▸ **PROVIDED DATA**:

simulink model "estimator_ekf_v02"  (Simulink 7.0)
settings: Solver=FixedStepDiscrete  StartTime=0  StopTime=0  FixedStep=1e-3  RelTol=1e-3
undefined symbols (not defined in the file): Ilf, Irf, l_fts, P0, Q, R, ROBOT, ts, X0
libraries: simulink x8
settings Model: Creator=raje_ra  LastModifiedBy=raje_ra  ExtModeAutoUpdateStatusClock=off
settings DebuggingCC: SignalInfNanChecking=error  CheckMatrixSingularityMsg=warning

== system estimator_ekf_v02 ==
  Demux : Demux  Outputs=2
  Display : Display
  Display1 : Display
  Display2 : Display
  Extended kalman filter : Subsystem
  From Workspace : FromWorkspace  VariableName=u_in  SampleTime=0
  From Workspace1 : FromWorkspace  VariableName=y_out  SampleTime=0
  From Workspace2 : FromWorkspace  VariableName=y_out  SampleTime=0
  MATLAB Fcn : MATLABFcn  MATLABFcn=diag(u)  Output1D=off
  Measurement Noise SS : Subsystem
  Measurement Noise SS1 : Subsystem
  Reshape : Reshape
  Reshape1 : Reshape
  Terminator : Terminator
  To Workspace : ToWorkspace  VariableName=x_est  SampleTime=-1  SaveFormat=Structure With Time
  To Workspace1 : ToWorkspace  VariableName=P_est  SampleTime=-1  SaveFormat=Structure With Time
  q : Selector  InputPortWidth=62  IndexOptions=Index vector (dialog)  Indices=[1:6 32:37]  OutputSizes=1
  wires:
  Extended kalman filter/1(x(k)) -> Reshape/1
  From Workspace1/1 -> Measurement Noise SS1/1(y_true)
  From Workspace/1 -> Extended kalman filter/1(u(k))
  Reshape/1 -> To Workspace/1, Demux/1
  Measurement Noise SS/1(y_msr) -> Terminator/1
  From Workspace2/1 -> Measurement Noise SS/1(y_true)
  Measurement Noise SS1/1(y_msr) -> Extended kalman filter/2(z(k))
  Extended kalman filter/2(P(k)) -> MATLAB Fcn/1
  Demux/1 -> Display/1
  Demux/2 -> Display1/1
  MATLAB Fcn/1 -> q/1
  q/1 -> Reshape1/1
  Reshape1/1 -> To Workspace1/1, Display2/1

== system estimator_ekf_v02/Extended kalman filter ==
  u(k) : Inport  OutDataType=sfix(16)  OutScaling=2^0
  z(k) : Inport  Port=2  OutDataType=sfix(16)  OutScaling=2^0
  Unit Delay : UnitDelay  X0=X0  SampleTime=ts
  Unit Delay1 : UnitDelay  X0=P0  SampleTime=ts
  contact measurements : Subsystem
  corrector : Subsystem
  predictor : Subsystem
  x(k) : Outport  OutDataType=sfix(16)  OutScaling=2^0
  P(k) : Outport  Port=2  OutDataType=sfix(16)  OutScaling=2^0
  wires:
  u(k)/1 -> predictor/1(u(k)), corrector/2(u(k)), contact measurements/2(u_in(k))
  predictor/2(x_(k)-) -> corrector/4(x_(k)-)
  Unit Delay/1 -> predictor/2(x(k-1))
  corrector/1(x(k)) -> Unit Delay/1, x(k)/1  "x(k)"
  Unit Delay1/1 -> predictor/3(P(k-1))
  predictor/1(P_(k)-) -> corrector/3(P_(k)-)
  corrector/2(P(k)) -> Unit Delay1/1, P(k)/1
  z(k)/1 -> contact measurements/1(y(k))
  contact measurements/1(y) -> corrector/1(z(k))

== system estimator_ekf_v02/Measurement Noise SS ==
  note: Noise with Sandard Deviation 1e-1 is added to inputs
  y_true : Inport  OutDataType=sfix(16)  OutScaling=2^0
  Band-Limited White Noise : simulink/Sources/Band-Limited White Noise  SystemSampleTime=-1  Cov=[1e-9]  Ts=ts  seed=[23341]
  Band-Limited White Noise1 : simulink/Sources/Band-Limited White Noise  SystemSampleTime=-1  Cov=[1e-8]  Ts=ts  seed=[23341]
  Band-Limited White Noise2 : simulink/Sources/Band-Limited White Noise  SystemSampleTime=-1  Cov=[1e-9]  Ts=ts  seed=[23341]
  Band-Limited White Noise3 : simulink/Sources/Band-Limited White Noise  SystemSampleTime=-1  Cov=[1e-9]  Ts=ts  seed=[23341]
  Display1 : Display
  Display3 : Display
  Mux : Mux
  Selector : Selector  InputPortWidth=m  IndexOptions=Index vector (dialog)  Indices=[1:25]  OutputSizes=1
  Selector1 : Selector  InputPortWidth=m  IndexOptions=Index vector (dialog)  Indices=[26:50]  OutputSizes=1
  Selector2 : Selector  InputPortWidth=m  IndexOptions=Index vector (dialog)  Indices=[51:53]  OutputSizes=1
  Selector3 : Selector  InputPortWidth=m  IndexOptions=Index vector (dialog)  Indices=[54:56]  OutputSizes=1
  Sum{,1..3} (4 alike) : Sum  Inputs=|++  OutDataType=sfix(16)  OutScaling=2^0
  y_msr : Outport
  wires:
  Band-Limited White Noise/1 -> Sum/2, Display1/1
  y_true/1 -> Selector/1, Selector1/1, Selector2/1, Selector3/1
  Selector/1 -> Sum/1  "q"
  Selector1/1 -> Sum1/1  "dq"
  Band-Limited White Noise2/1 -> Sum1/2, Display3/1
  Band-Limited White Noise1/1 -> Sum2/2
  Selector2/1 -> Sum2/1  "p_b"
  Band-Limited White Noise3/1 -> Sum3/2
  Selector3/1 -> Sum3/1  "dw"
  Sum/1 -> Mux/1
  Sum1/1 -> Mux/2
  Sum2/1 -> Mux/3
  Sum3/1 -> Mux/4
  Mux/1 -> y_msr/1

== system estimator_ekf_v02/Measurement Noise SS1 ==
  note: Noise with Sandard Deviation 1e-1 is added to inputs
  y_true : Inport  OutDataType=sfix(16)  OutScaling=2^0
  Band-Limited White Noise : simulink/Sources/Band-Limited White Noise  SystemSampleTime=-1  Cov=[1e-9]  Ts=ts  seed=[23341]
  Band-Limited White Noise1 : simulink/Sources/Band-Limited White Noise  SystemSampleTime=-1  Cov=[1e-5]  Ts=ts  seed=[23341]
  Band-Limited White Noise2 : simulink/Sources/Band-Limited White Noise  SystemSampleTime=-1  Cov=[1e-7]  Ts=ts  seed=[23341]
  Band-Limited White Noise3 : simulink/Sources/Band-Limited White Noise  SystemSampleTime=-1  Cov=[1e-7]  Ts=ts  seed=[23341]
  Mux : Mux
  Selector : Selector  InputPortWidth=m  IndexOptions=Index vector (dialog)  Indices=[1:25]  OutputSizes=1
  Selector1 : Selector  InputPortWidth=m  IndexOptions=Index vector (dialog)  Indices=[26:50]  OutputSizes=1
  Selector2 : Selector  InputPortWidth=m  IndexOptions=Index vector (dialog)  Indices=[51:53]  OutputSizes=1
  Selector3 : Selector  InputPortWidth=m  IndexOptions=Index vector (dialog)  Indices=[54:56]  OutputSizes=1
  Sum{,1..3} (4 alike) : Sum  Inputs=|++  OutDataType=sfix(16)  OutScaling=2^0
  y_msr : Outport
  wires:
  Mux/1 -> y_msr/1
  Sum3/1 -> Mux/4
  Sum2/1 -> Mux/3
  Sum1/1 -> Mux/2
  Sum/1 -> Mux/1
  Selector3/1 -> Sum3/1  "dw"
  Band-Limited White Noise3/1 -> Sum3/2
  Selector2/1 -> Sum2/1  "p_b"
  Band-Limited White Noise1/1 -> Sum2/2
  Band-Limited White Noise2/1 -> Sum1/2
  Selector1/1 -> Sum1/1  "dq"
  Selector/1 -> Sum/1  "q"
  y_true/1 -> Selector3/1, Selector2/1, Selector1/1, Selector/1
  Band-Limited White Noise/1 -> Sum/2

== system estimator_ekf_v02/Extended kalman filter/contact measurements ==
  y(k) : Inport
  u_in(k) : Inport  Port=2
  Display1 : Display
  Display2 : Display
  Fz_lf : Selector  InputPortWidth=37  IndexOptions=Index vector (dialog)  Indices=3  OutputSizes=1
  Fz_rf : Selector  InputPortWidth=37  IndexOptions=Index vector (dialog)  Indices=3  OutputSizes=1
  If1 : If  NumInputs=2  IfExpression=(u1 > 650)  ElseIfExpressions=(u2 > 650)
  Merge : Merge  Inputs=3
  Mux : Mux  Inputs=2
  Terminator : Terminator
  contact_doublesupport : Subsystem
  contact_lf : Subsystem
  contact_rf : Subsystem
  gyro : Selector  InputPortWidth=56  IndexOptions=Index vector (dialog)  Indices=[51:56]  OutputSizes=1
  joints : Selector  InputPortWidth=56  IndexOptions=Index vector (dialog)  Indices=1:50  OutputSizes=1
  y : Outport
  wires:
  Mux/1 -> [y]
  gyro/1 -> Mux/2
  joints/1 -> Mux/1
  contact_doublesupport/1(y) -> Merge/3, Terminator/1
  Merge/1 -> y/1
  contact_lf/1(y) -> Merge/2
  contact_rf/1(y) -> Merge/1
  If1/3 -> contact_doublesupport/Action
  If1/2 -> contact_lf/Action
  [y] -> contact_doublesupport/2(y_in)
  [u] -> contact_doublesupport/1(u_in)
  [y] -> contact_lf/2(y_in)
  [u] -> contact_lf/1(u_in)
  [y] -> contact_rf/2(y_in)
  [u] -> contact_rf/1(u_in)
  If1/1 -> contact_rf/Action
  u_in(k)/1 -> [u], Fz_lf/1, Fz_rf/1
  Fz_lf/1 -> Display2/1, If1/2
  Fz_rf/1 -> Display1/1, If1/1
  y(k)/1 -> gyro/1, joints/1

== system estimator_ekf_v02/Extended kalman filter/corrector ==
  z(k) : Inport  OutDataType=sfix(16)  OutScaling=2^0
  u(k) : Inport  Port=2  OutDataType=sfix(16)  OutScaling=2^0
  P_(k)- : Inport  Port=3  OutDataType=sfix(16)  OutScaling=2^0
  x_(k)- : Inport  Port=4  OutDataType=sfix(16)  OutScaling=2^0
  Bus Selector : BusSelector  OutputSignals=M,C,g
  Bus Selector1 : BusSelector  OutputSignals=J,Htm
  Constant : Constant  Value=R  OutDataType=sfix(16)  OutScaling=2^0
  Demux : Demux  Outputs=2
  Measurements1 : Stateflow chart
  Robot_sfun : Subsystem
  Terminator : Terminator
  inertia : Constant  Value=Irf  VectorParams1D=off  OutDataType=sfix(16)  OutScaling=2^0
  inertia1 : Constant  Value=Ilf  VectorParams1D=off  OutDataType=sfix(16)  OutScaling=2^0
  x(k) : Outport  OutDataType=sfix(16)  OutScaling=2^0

▸ **WORK INSTRUCTION**:
Could you return every line from the entries above in which the string "Structure" occurs?

▸ **REPLY**:
  To Workspace : ToWorkspace  VariableName=x_est  SampleTime=-1  SaveFormat=Structure With Time
  To Workspace1 : ToWorkspace  VariableName=P_est  SampleTime=-1  SaveFormat=Structure With Time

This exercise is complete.